Lack of Theoretical Guarantees: While it converges experimentally with neighborhood truncation, the formal \(C^\infty\) guarantee under truncation is not yet established.
Comparison with Numerical Solvers: The authors admit this is a preliminary comparison; while faster than MLPs, it may not yet beat mature numerical solvers like multigrid.

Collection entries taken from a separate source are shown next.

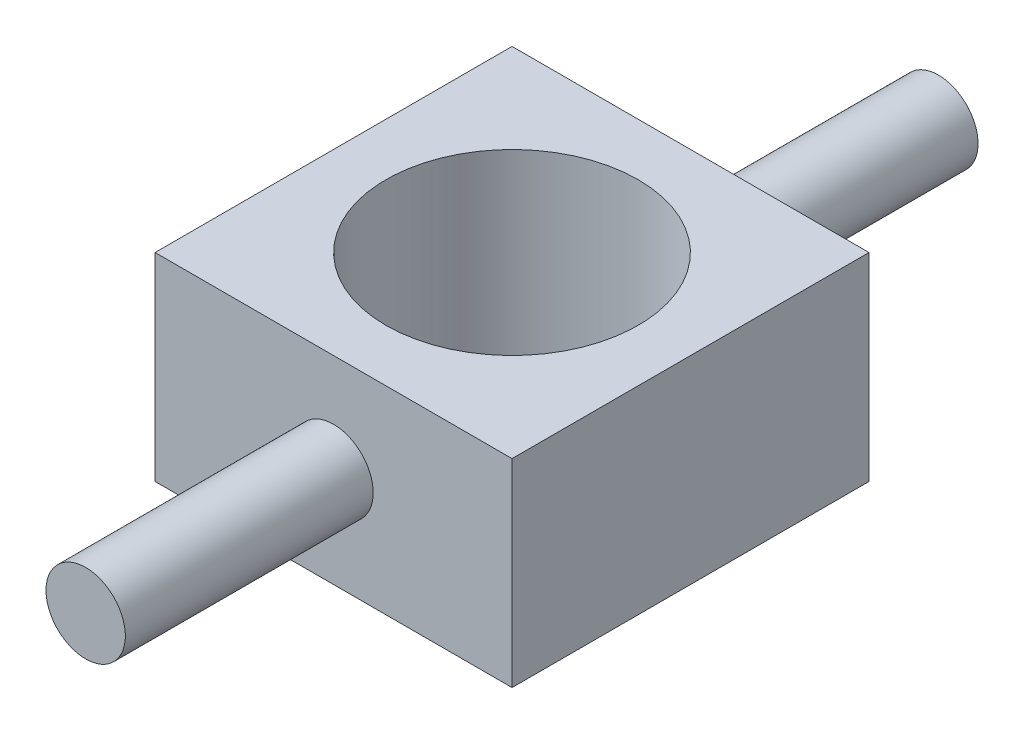
SolidWorks part; units mm, degrees
ref_plane "Front Plane" through (0, 0, 0) normal (0, 0, 1) x (1, 0, 0)
ref_plane "Top Plane" through (0, 0, 0) normal (0, 1, 0) x (1, 0, 0)
ref_plane "Right Plane" through (0, 0, 0) normal (1, 0, 0) x (0, 0, -1)
sketch "Sketch1" plane through (0, 0, 0) normal (0, 1, 0) x (1, 0, 0)
  line L1 (-18, 18) -> (18, 18)
  line L2 (-18, 18) -> (-18, -18)
  line L3 (-18, -18) -> (18, -18)
  line L4 (18, 18) -> (18, -18)
  line L5 (-18, 18) -> (18, -18) construction
  line L6 (-18, -18) -> (18, 18) construction
  point P0 (0, 0)
  dimension "D1" = 36
  dimension "D2" = 36
extrude "Boss-Extrude1" add sketch "Sketch1" along normal blind 10 and the other way blind 10
sketch "Sketch2" plane through (0, -10, 0) normal (0, -1, 0) x (1, 0, 0)
  circle A0 centre (0, 0) radius 12.725
  dimension "D1" = 25.45
extrude "Cut-Extrude1" cut sketch "Sketch2" against normal through all
sketch "Sketch5" plane through (0, 0, -18) normal (0, 0, -1) x (-1, 0, 0)
  circle A0 centre (0, 0) radius 4
  dimension "D1" = 8
extrude "Boss-Extrude2" add sketch "Sketch5" along normal blind 25
mirror "Mirror1" about plane through (0, 0, 0) normal (0, 0, 1) of "Boss-Extrude2"

vs. Siren/PINN (Coordinate MLPs): Inherits infinite differentiability but replaces global MLP backprop with local grid updates, gaining 5–20× speed.
vs. Instant-NGP / K-Planes (Fast Grids): Inherits training efficiency but fixes the fatal flaw of non-differentiability at grid nodes using RBF.
vs. NeuRBF: While NeuRBF also uses RBF grids, it focuses on fitting known signals via RBF initialization. \(\partial^\infty\)-Grid solves PDEs where only derivative supervision exists, targeting a fundamentally different problem.
Insight: When an efficient representation is blocked by a non-differentiable operator, replacing the interpolation or activation kernel to restore differentiability is a universal and powerful path to solving the problem.

Rating¶

Novelty: ⭐⭐⭐⭐ — Bringing RBF interpolation to multi-resolution grids specifically for PDE solving is a clear, missing piece of the puzzle.
Experimental Thoroughness: ⭐⭐⭐⭐ — Covers Poisson, Helmholtz, Kirchhoff-Love, Eikonal, and Advection/Heat equations with strong baselines. Large-scale high-dimensional verification is still needed.
Writing Quality: ⭐⭐⭐⭐ — The logic chain is clean, and the explanation of the "zero second-order derivative" pain point is intuitive.
Value: ⭐⭐⭐⭐ — Compressing neural DE solving from hours to minutes is highly practical for physics-informed machine learning and graphics.